The Future Won't Be Free - fiaz
http://www.newsweek.com/id/234123
======
fortes
> When I buy the dead-tree version of my local newspaper, I have no
> expectation that it should be free.

When I take a photo with my film camera, I don't expect to get it developed
for free ... then cameras went digital.

When I ask a musician to fill my house with music, I don't expect him to do it
for free ... then came radio (and then recordings, etc, etc)

Technology can remove limitations.

------
rabidgnat
The author is ignoring a very fundamental concept: Ideas are as cheap as the
transmission medium

20 years ago, the two cheapest ways to mass-transmit ideas were television and
newspapers. With the Television, advertising dollars allowed the user to buy
the connection and get content for free. The newspaper model required the
consumer to buy both the content AND the supply chain, but the costs were low
enough and advantages large enough that newspapers prospered.

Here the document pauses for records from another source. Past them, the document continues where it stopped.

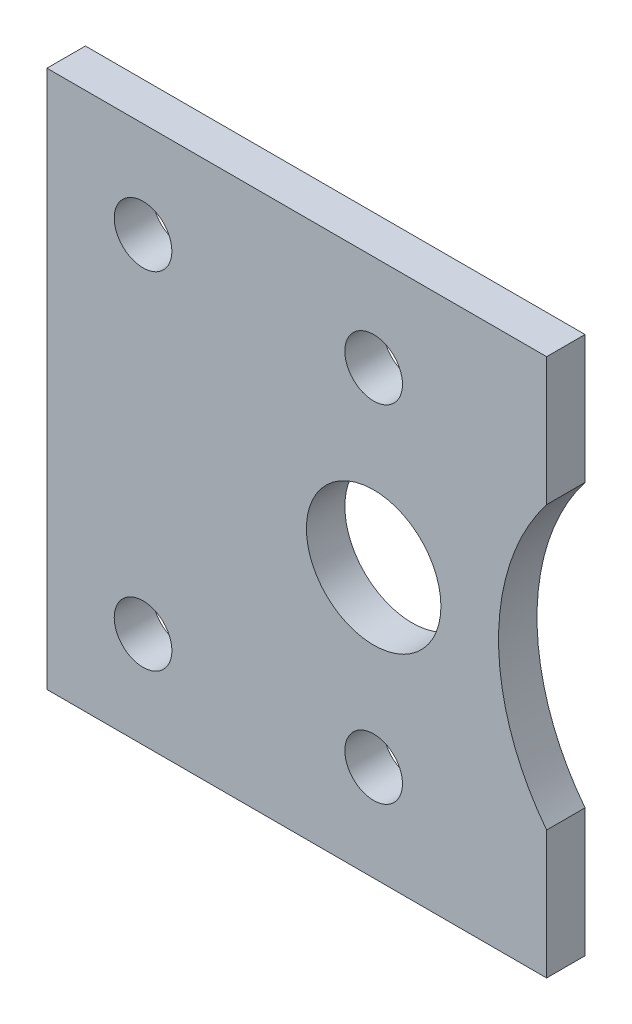
ISO-10303-21;
HEADER;
FILE_DESCRIPTION(('STEP AP214'),'2;1');
FILE_NAME('part.step','',(''),(''),'','','');
FILE_SCHEMA(('AUTOMOTIVE_DESIGN { 1 0 10303 214 1 1 1 1 }'));
ENDSEC;
DATA;
#1=APPLICATION_CONTEXT('core data for automotive mechanical design processes');
#2=APPLICATION_PROTOCOL_DEFINITION('international standard','automotive_design',2000,#1);
#3=PRODUCT_CONTEXT('',#1,'mechanical');
#4=PRODUCT('Part','Part','',(#3));
#5=PRODUCT_RELATED_PRODUCT_CATEGORY('part','',(#4));
#6=PRODUCT_DEFINITION_FORMATION('','',#4);
#7=PRODUCT_DEFINITION_CONTEXT('part definition',#1,'design');
#8=PRODUCT_DEFINITION('design','',#6,#7);
#9=PRODUCT_DEFINITION_SHAPE('','',#8);
#10=(LENGTH_UNIT() NAMED_UNIT(*) SI_UNIT(.MILLI.,.METRE.));
#11=(NAMED_UNIT(*) PLANE_ANGLE_UNIT() SI_UNIT($,.RADIAN.));
#12=(NAMED_UNIT(*) SI_UNIT($,.STERADIAN.) SOLID_ANGLE_UNIT());
#13=UNCERTAINTY_MEASURE_WITH_UNIT(LENGTH_MEASURE(1.E-05),#10,'distance_accuracy_value','');
#14=(GEOMETRIC_REPRESENTATION_CONTEXT(3) GLOBAL_UNCERTAINTY_ASSIGNED_CONTEXT((#13)) GLOBAL_UNIT_ASSIGNED_CONTEXT((#10,
#11,#12)) REPRESENTATION_CONTEXT('',''));
#15=CARTESIAN_POINT('',(0.,0.,0.));
#16=DIRECTION('',(0.,0.,1.));
#17=DIRECTION('',(1.,0.,0.));
#18=AXIS2_PLACEMENT_3D('',#15,#16,#17);
#19=CARTESIAN_POINT('',(18.5,0.,2.));
#20=DIRECTION('',(0.,0.,1.));
#21=DIRECTION('',(1.,0.,0.));
#22=AXIS2_PLACEMENT_3D('',#19,#20,#21);
#23=PLANE('',#22);
#24=CARTESIAN_POINT('',(-12.,-9.,2.));
#25=DIRECTION('',(0.,0.,1.));
#26=DIRECTION('',(-1.,0.,0.));
#27=AXIS2_PLACEMENT_3D('',#24,#25,#26);
#28=CIRCLE('',#27,1.5);
#29=CARTESIAN_POINT('',(-13.5,-9.,2.));
#30=VERTEX_POINT('',#29);
#31=EDGE_CURVE('E203',#30,#30,#28,.T.);
#32=ORIENTED_EDGE('',*,*,#31,.F.);
#33=EDGE_LOOP('',(#32));
#34=FACE_BOUND('',#33,.T.);
#35=CARTESIAN_POINT('',(-12.,9.,2.));
#36=DIRECTION('',(0.,0.,1.));
#37=DIRECTION('',(1.,0.,0.));
#38=AXIS2_PLACEMENT_3D('',#35,#36,#37);
#39=CIRCLE('',#38,1.5);
#40=CARTESIAN_POINT('',(-10.5,9.,2.));
#41=VERTEX_POINT('',#40);
#42=EDGE_CURVE('E215',#41,#41,#39,.T.);
#43=ORIENTED_EDGE('',*,*,#42,.F.);
#44=EDGE_LOOP('',(#43));
#45=FACE_BOUND('',#44,.T.);
#46=DIRECTION('',(0.,-1.,0.));
#47=VECTOR('',#46,1.);
#48=CARTESIAN_POINT('',(-17.,14.,2.));
#49=LINE('',#48,#47);
#50=CARTESIAN_POINT('',(-17.,14.,2.));
#51=VERTEX_POINT('',#50);
#52=CARTESIAN_POINT('',(-17.,-14.,2.));
#53=VERTEX_POINT('',#52);
#54=EDGE_CURVE('E139',#51,#53,#49,.T.);
#55=ORIENTED_EDGE('',*,*,#54,.T.);
#56=DIRECTION('',(1.,0.,0.));
#57=VECTOR('',#56,1.);
#58=CARTESIAN_POINT('',(-17.,-14.,2.));
#59=LINE('',#58,#57);
#60=CARTESIAN_POINT('',(9.,-14.,2.));
#61=VERTEX_POINT('',#60);
#62=EDGE_CURVE('E97',#53,#61,#59,.T.);
#63=ORIENTED_EDGE('',*,*,#62,.T.);
#64=DIRECTION('',(0.,1.,0.));
#65=VECTOR('',#64,1.);
#66=CARTESIAN_POINT('',(9.,-14.,2.));
#67=LINE('',#66,#65);
#68=CARTESIAN_POINT('',(9.,-7.33143914930759,2.));
#69=VERTEX_POINT('',#68);
#70=EDGE_CURVE('E110',#61,#69,#67,.T.);
#71=ORIENTED_EDGE('',*,*,#70,.T.);
#72=CARTESIAN_POINT('',(18.5,0.,2.));
#73=DIRECTION('',(0.,0.,-1.));
#74=DIRECTION('',(1.,0.,0.));
#75=AXIS2_PLACEMENT_3D('',#72,#73,#74);
#76=CIRCLE('',#75,12.);
#77=CARTESIAN_POINT('',(9.,7.33143914930759,2.));
#78=VERTEX_POINT('',#77);
#79=EDGE_CURVE('E104',#69,#78,#76,.T.);
#80=ORIENTED_EDGE('',*,*,#79,.T.);
#81=DIRECTION('',(0.,1.,0.));
#82=VECTOR('',#81,1.);
#83=CARTESIAN_POINT('',(9.,7.33143914930759,2.));
#84=LINE('',#83,#82);
#85=CARTESIAN_POINT('',(9.,14.,2.));
#86=VERTEX_POINT('',#85);
#87=EDGE_CURVE('E108',#78,#86,#84,.T.);
#88=ORIENTED_EDGE('',*,*,#87,.T.);
#89=DIRECTION('',(-1.,0.,0.));
#90=VECTOR('',#89,1.);
#91=CARTESIAN_POINT('',(9.,14.,2.));
#92=LINE('',#91,#90);
#93=EDGE_CURVE('E60',#86,#51,#92,.T.);
#94=ORIENTED_EDGE('',*,*,#93,.T.);
#95=EDGE_LOOP('',(#55,#63,#71,#80,#88,#94));
#96=FACE_BOUND('',#95,.T.);
#97=CARTESIAN_POINT('',(0.,0.,2.));
#98=DIRECTION('',(0.,0.,1.));
#99=DIRECTION('',(1.,0.,0.));
#100=AXIS2_PLACEMENT_3D('',#97,#98,#99);
#101=CIRCLE('',#100,3.5);
#102=CARTESIAN_POINT('',(3.5,0.,2.));
#103=VERTEX_POINT('',#102);
#104=EDGE_CURVE('E132',#103,#103,#101,.T.);
#105=ORIENTED_EDGE('',*,*,#104,.F.);
#106=EDGE_LOOP('',(#105));
#107=FACE_BOUND('',#106,.T.);
#108=CARTESIAN_POINT('',(0.,9.,2.));
#109=DIRECTION('',(0.,0.,1.));
#110=DIRECTION('',(1.,0.,0.));
#111=AXIS2_PLACEMENT_3D('',#108,#109,#110);
#112=CIRCLE('',#111,1.5);
#113=CARTESIAN_POINT('',(1.5,9.,2.));
#114=VERTEX_POINT('',#113);
#115=EDGE_CURVE('E209',#114,#114,#112,.T.);
#116=ORIENTED_EDGE('',*,*,#115,.F.);
#117=EDGE_LOOP('',(#116));
#118=FACE_BOUND('',#117,.T.);
#119=CARTESIAN_POINT('',(0.,-9.,2.));
#120=DIRECTION('',(0.,0.,1.));
#121=DIRECTION('',(-1.,0.,0.));
#122=AXIS2_PLACEMENT_3D('',#119,#120,#121);
#123=CIRCLE('',#122,1.5);
#124=CARTESIAN_POINT('',(-1.5,-9.,2.));
#125=VERTEX_POINT('',#124);
#126=EDGE_CURVE('E194',#125,#125,#123,.T.);
#127=ORIENTED_EDGE('',*,*,#126,.F.);
#128=EDGE_LOOP('',(#127));
#129=FACE_BOUND('',#128,.T.);
#130=ADVANCED_FACE('F43',(#34,#45,#96,#107,#118,#129),#23,.T.);
#131=CARTESIAN_POINT('',(18.5,0.,0.));
#132=DIRECTION('',(0.,0.,1.));
#133=DIRECTION('',(1.,0.,0.));
#134=AXIS2_PLACEMENT_3D('',#131,#132,#133);
#135=PLANE('',#134);
#136=DIRECTION('',(0.,-1.,0.));
#137=VECTOR('',#136,1.);
#138=CARTESIAN_POINT('',(-17.,14.,0.));
#139=LINE('',#138,#137);
#140=CARTESIAN_POINT('',(-17.,14.,0.));
#141=VERTEX_POINT('',#140);
#142=CARTESIAN_POINT('',(-17.,-14.,0.));
#143=VERTEX_POINT('',#142);
#144=EDGE_CURVE('E128',#141,#143,#139,.T.);
#145=ORIENTED_EDGE('',*,*,#144,.F.);
#146=DIRECTION('',(-1.,0.,0.));
#147=VECTOR('',#146,1.);
#148=CARTESIAN_POINT('',(9.,14.,0.));
#149=LINE('',#148,#147);
#150=CARTESIAN_POINT('',(9.,14.,0.));
#151=VERTEX_POINT('',#150);
#152=EDGE_CURVE('E89',#151,#141,#149,.T.);
#153=ORIENTED_EDGE('',*,*,#152,.F.);
#154=DIRECTION('',(0.,1.,0.));
#155=VECTOR('',#154,1.);
#156=CARTESIAN_POINT('',(9.,7.33143914930759,0.));
#157=LINE('',#156,#155);
#158=CARTESIAN_POINT('',(9.,7.33143914930759,0.));
#159=VERTEX_POINT('',#158);
#160=EDGE_CURVE('E83',#159,#151,#157,.T.);
#161=ORIENTED_EDGE('',*,*,#160,.F.);
#162=CARTESIAN_POINT('',(18.5,0.,0.));
#163=DIRECTION('',(0.,0.,-1.));
#164=DIRECTION('',(1.,0.,0.));
#165=AXIS2_PLACEMENT_3D('',#162,#163,#164);
#166=CIRCLE('',#165,12.);
#167=CARTESIAN_POINT('',(9.,-7.33143914930759,0.));
#168=VERTEX_POINT('',#167);
#169=EDGE_CURVE('E118',#168,#159,#166,.T.);
#170=ORIENTED_EDGE('',*,*,#169,.F.);
#171=DIRECTION('',(0.,1.,0.));
#172=VECTOR('',#171,1.);
#173=CARTESIAN_POINT('',(9.,-14.,0.));
#174=LINE('',#173,#172);
#175=CARTESIAN_POINT('',(9.,-14.,0.));
#176=VERTEX_POINT('',#175);
#177=EDGE_CURVE('E134',#176,#168,#174,.T.);
#178=ORIENTED_EDGE('',*,*,#177,.F.);
#179=DIRECTION('',(1.,0.,0.));
#180=VECTOR('',#179,1.);
#181=CARTESIAN_POINT('',(-17.,-14.,0.));
#182=LINE('',#181,#180);
#183=EDGE_CURVE('E131',#143,#176,#182,.T.);
#184=ORIENTED_EDGE('',*,*,#183,.F.);
#185=EDGE_LOOP('',(#145,#153,#161,#170,#178,#184));
#186=FACE_BOUND('',#185,.T.);
#187=CARTESIAN_POINT('',(0.,0.,0.));
#188=DIRECTION('',(0.,0.,1.));
#189=DIRECTION('',(1.,0.,0.));
#190=AXIS2_PLACEMENT_3D('',#187,#188,#189);
#191=CIRCLE('',#190,3.5);
#192=CARTESIAN_POINT('',(3.5,0.,0.));
#193=VERTEX_POINT('',#192);
#194=EDGE_CURVE('E218',#193,#193,#191,.T.);
#195=ORIENTED_EDGE('',*,*,#194,.T.);
#196=EDGE_LOOP('',(#195));
#197=FACE_BOUND('',#196,.T.);
#198=CARTESIAN_POINT('',(-12.,9.,0.));
#199=DIRECTION('',(0.,0.,1.));
#200=DIRECTION('',(1.,0.,0.));
#201=AXIS2_PLACEMENT_3D('',#198,#199,#200);
#202=CIRCLE('',#201,1.5);
#203=CARTESIAN_POINT('',(-10.5,9.,0.));
#204=VERTEX_POINT('',#203);
#205=EDGE_CURVE('E212',#204,#204,#202,.T.);
#206=ORIENTED_EDGE('',*,*,#205,.T.);
#207=EDGE_LOOP('',(#206));
#208=FACE_BOUND('',#207,.T.);
#209=CARTESIAN_POINT('',(0.,9.,0.));
#210=DIRECTION('',(0.,0.,1.));
#211=DIRECTION('',(1.,0.,0.));
#212=AXIS2_PLACEMENT_3D('',#209,#210,#211);
#213=CIRCLE('',#212,1.5);
#214=CARTESIAN_POINT('',(1.5,9.,0.));
#215=VERTEX_POINT('',#214);
#216=EDGE_CURVE('E206',#215,#215,#213,.T.);
#217=ORIENTED_EDGE('',*,*,#216,.T.);
#218=EDGE_LOOP('',(#217));
#219=FACE_BOUND('',#218,.T.);
#220=CARTESIAN_POINT('',(-12.,-9.,0.));
#221=DIRECTION('',(0.,0.,1.));
#222=DIRECTION('',(-1.,0.,0.));
#223=AXIS2_PLACEMENT_3D('',#220,#221,#222);
#224=CIRCLE('',#223,1.5);
#225=CARTESIAN_POINT('',(-13.5,-9.,0.));
#226=VERTEX_POINT('',#225);
#227=EDGE_CURVE('E200',#226,#226,#224,.T.);
#228=ORIENTED_EDGE('',*,*,#227,.T.);
#229=EDGE_LOOP('',(#228));
#230=FACE_BOUND('',#229,.T.);
#231=CARTESIAN_POINT('',(0.,-9.,0.));
#232=DIRECTION('',(0.,0.,1.));
#233=DIRECTION('',(-1.,0.,0.));
#234=AXIS2_PLACEMENT_3D('',#231,#232,#233);
#235=CIRCLE('',#234,1.5);
#236=CARTESIAN_POINT('',(-1.5,-9.,0.));
#237=VERTEX_POINT('',#236);
#238=EDGE_CURVE('E197',#237,#237,#235,.T.);
#239=ORIENTED_EDGE('',*,*,#238,.T.);
#240=EDGE_LOOP('',(#239));
#241=FACE_BOUND('',#240,.T.);
#242=ADVANCED_FACE('F148',(#186,#197,#208,#219,#230,#241),#135,.F.);
#243=CARTESIAN_POINT('',(-17.,14.,2.));
#244=DIRECTION('',(1.,0.,0.));
#245=DIRECTION('',(0.,0.,-1.));
#246=AXIS2_PLACEMENT_3D('',#243,#244,#245);
#247=PLANE('',#246);
#248=ORIENTED_EDGE('',*,*,#144,.T.);
#249=DIRECTION('',(0.,0.,-1.));
#250=VECTOR('',#249,1.);
#251=CARTESIAN_POINT('',(-17.,-14.,2.));
#252=LINE('',#251,#250);
#253=EDGE_CURVE('E11',#53,#143,#252,.T.);
#254=ORIENTED_EDGE('',*,*,#253,.F.);
#255=ORIENTED_EDGE('',*,*,#54,.F.);
#256=DIRECTION('',(0.,0.,-1.));
#257=VECTOR('',#256,1.);
#258=CARTESIAN_POINT('',(-17.,14.,2.));
#259=LINE('',#258,#257);
#260=EDGE_CURVE('E124',#51,#141,#259,.T.);
#261=ORIENTED_EDGE('',*,*,#260,.T.);
#262=EDGE_LOOP('',(#248,#254,#255,#261));
#263=FACE_BOUND('',#262,.T.);
#264=ADVANCED_FACE('F45',(#263),#247,.F.);
#265=CARTESIAN_POINT('',(-17.,-14.,2.));
#266=DIRECTION('',(0.,1.,0.));
#267=DIRECTION('',(0.,0.,1.));
#268=AXIS2_PLACEMENT_3D('',#265,#266,#267);
#269=PLANE('',#268);
#270=ORIENTED_EDGE('',*,*,#183,.T.);
#271=DIRECTION('',(0.,0.,-1.));
#272=VECTOR('',#271,1.);
#273=CARTESIAN_POINT('',(9.,-14.,2.));
#274=LINE('',#273,#272);
#275=EDGE_CURVE('E52',#61,#176,#274,.T.);
#276=ORIENTED_EDGE('',*,*,#275,.F.);
#277=ORIENTED_EDGE('',*,*,#62,.F.);
#278=ORIENTED_EDGE('',*,*,#253,.T.);
#279=EDGE_LOOP('',(#270,#276,#277,#278));
#280=FACE_BOUND('',#279,.T.);
#281=ADVANCED_FACE('F290',(#280),#269,.F.);
#282=CARTESIAN_POINT('',(9.,-14.,2.));
#283=DIRECTION('',(-1.,0.,0.));
#284=DIRECTION('',(0.,0.,1.));
#285=AXIS2_PLACEMENT_3D('',#282,#283,#284);
#286=PLANE('',#285);
#287=ORIENTED_EDGE('',*,*,#177,.T.);
#288=DIRECTION('',(0.,0.,-1.));
#289=VECTOR('',#288,1.);
#290=CARTESIAN_POINT('',(9.,-7.33143914930759,2.));
#291=LINE('',#290,#289);
#292=EDGE_CURVE('E119',#69,#168,#291,.T.);
#293=ORIENTED_EDGE('',*,*,#292,.F.);
#294=ORIENTED_EDGE('',*,*,#70,.F.);
#295=ORIENTED_EDGE('',*,*,#275,.T.);
#296=EDGE_LOOP('',(#287,#293,#294,#295));
#297=FACE_BOUND('',#296,.T.);
#298=ADVANCED_FACE('F145',(#297),#286,.F.);
#299=CARTESIAN_POINT('',(18.5,0.,2.));
#300=DIRECTION('',(0.,0.,-1.));
#301=DIRECTION('',(-1.,0.,0.));
#302=AXIS2_PLACEMENT_3D('',#299,#300,#301);
#303=CYLINDRICAL_SURFACE('',#302,12.);
#304=ORIENTED_EDGE('',*,*,#169,.T.);
#305=DIRECTION('',(0.,0.,-1.));
#306=VECTOR('',#305,1.);
#307=CARTESIAN_POINT('',(9.,7.33143914930759,2.));
#308=LINE('',#307,#306);
#309=EDGE_CURVE('E115',#78,#159,#308,.T.);
#310=ORIENTED_EDGE('',*,*,#309,.F.);
#311=ORIENTED_EDGE('',*,*,#79,.F.);
#312=ORIENTED_EDGE('',*,*,#292,.T.);
#313=EDGE_LOOP('',(#304,#310,#311,#312));
#314=FACE_BOUND('',#313,.T.);
#315=ADVANCED_FACE('F116',(#314),#303,.F.);
#316=CARTESIAN_POINT('',(9.,7.33143914930759,2.));
#317=DIRECTION('',(-1.,0.,0.));
#318=DIRECTION('',(0.,0.,1.));
#319=AXIS2_PLACEMENT_3D('',#316,#317,#318);
#320=PLANE('',#319);
#321=ORIENTED_EDGE('',*,*,#160,.T.);
#322=DIRECTION('',(0.,0.,-1.));
#323=VECTOR('',#322,1.);
#324=CARTESIAN_POINT('',(9.,14.,2.));
#325=LINE('',#324,#323);
#326=EDGE_CURVE('E120',#86,#151,#325,.T.);
#327=ORIENTED_EDGE('',*,*,#326,.F.);
#328=ORIENTED_EDGE('',*,*,#87,.F.);
#329=ORIENTED_EDGE('',*,*,#309,.T.);
#330=EDGE_LOOP('',(#321,#327,#328,#329));
#331=FACE_BOUND('',#330,.T.);
#332=ADVANCED_FACE('F122',(#331),#320,.F.);
#333=CARTESIAN_POINT('',(9.,14.,2.));
#334=DIRECTION('',(0.,-1.,0.));
#335=DIRECTION('',(0.,0.,-1.));
#336=AXIS2_PLACEMENT_3D('',#333,#334,#335);
#337=PLANE('',#336);
#338=ORIENTED_EDGE('',*,*,#152,.T.);
#339=ORIENTED_EDGE('',*,*,#260,.F.);
#340=ORIENTED_EDGE('',*,*,#93,.F.);
#341=ORIENTED_EDGE('',*,*,#326,.T.);
#342=EDGE_LOOP('',(#338,#339,#340,#341));
#343=FACE_BOUND('',#342,.T.);
#344=ADVANCED_FACE('F153',(#343),#337,.F.);
#345=CARTESIAN_POINT('',(0.,0.,2.));
#346=DIRECTION('',(0.,0.,-1.));
#347=DIRECTION('',(-1.,0.,0.));
#348=AXIS2_PLACEMENT_3D('',#345,#346,#347);
#349=CYLINDRICAL_SURFACE('',#348,3.5);
#350=ORIENTED_EDGE('',*,*,#104,.T.);
#351=EDGE_LOOP('',(#350));
#352=FACE_BOUND('',#351,.T.);
#353=ORIENTED_EDGE('',*,*,#194,.F.);
#354=EDGE_LOOP('',(#353));
#355=FACE_BOUND('',#354,.T.);
#356=ADVANCED_FACE('F155',(#352,#355),#349,.F.);
#357=CARTESIAN_POINT('',(-12.,9.,2.));
#358=DIRECTION('',(0.,0.,-1.));
#359=DIRECTION('',(-1.,0.,0.));
#360=AXIS2_PLACEMENT_3D('',#357,#358,#359);
#361=CYLINDRICAL_SURFACE('',#360,1.5);
#362=ORIENTED_EDGE('',*,*,#42,.T.);
#363=EDGE_LOOP('',(#362));
#364=FACE_BOUND('',#363,.T.);
#365=ORIENTED_EDGE('',*,*,#205,.F.);
#366=EDGE_LOOP('',(#365));
#367=FACE_BOUND('',#366,.T.);
#368=ADVANCED_FACE('F161',(#364,#367),#361,.F.);
#369=CARTESIAN_POINT('',(0.,9.,2.));
#370=DIRECTION('',(0.,0.,-1.));
#371=DIRECTION('',(-1.,0.,0.));
#372=AXIS2_PLACEMENT_3D('',#369,#370,#371);
#373=CYLINDRICAL_SURFACE('',#372,1.5);
#374=ORIENTED_EDGE('',*,*,#115,.T.);
#375=EDGE_LOOP('',(#374));
#376=FACE_BOUND('',#375,.T.);
#377=ORIENTED_EDGE('',*,*,#216,.F.);
#378=EDGE_LOOP('',(#377));
#379=FACE_BOUND('',#378,.T.);
#380=ADVANCED_FACE('F177',(#376,#379),#373,.F.);
#381=CARTESIAN_POINT('',(-12.,-9.,2.));
#382=DIRECTION('',(0.,0.,-1.));
#383=DIRECTION('',(-1.,0.,0.));
#384=AXIS2_PLACEMENT_3D('',#381,#382,#383);
#385=CYLINDRICAL_SURFACE('',#384,1.5);
#386=ORIENTED_EDGE('',*,*,#31,.T.);
#387=EDGE_LOOP('',(#386));
#388=FACE_BOUND('',#387,.T.);
#389=ORIENTED_EDGE('',*,*,#227,.F.);
#390=EDGE_LOOP('',(#389));
#391=FACE_BOUND('',#390,.T.);
#392=ADVANCED_FACE('F181',(#388,#391),#385,.F.);
#393=CARTESIAN_POINT('',(0.,-9.,2.));
#394=DIRECTION('',(0.,0.,-1.));
#395=DIRECTION('',(-1.,0.,0.));
#396=AXIS2_PLACEMENT_3D('',#393,#394,#395);
#397=CYLINDRICAL_SURFACE('',#396,1.5);
#398=ORIENTED_EDGE('',*,*,#126,.T.);
#399=EDGE_LOOP('',(#398));
#400=FACE_BOUND('',#399,.T.);
#401=ORIENTED_EDGE('',*,*,#238,.F.);
#402=EDGE_LOOP('',(#401));
#403=FACE_BOUND('',#402,.T.);
#404=ADVANCED_FACE('F185',(#400,#403),#397,.F.);
#405=CLOSED_SHELL('',(#130,#242,#264,#281,#298,#315,#332,#344,#356,#368,#380,#392,#404));
#406=MANIFOLD_SOLID_BREP('B2',#405);
#407=ADVANCED_BREP_SHAPE_REPRESENTATION('',(#18,#406),#14);
#408=SHAPE_DEFINITION_REPRESENTATION(#9,#407);
ENDSEC;
END-ISO-10303-21;

Now we have the Internet, and content follows the Television cost model. Ideas
have little markup now - server costs, bandwidth, and time. And time isn't
even worth that much! If you demand the user to pay you for your time, you're
up against thousands of people screaming on their own soap boxes for free. Are
you really offering something so special that someone couldn't get it on a
site sponsored by advertising?

The future WILL be free because sites have already figured out how to monetize
free with advertising money. If the dead-tree papers can't figure it out soon,
they're going to find themselves with a big paywall and no eyeballs. For
instance, it's very telling that Murdoch sites still show their 'paywall'
content if you're referred by Google News

------
hxa7241
You don't resolve Brand's maxim by going wholly from one side to wholly the
other side. Copies _should_ be practically free, it is the effort to produce
that is not.

Articles like this half realise that something has changed, that something is
failing in the copyright-oriented way of funding production. But what is their
conclusion? "Let's pretend it is not real, let's just go back to how things
used to be." -- ultimately they completely fail to understand or adjust.

There is a simple fact: The benefit of the internet and the mechanism of
copyright are severely, fundamentally, inescapably conflicted. What copyright
restrains is exactly the good the internet offers. The intelligent thing to do
is devise other ways of supporting production, better suited to the realities.

------
ojbyrne
It's like the print media somehow failed to notice the appearance of
television and radio. Advertiser supported media started long before the
internet.

------
mseebach
_When I buy the dead-tree version of my local newspaper, I have no expectation
that it should be free. If I pick it up and walk out of the coffee shop
without paying, that's stealing. But when I walk upstairs to my office and log
on to the Web site for the same paper, I feel a divine right to access the
entirety of that paper—and 10 years of its archives—for free_

That's a straw man. Even today, we might expect to see todays news and the
past month news for free - but stuff like archive access and feature content
is often behind pay-walls.

As long as the marginal cost of something can be covered by advertising, lead
generation etc. it'll tend to be free. I'm pretty sure that the breakthrough
of a simple micro-payment system would help generate so much income that it'll
cause more content to be free (since there's more income to cover the marginal
cost).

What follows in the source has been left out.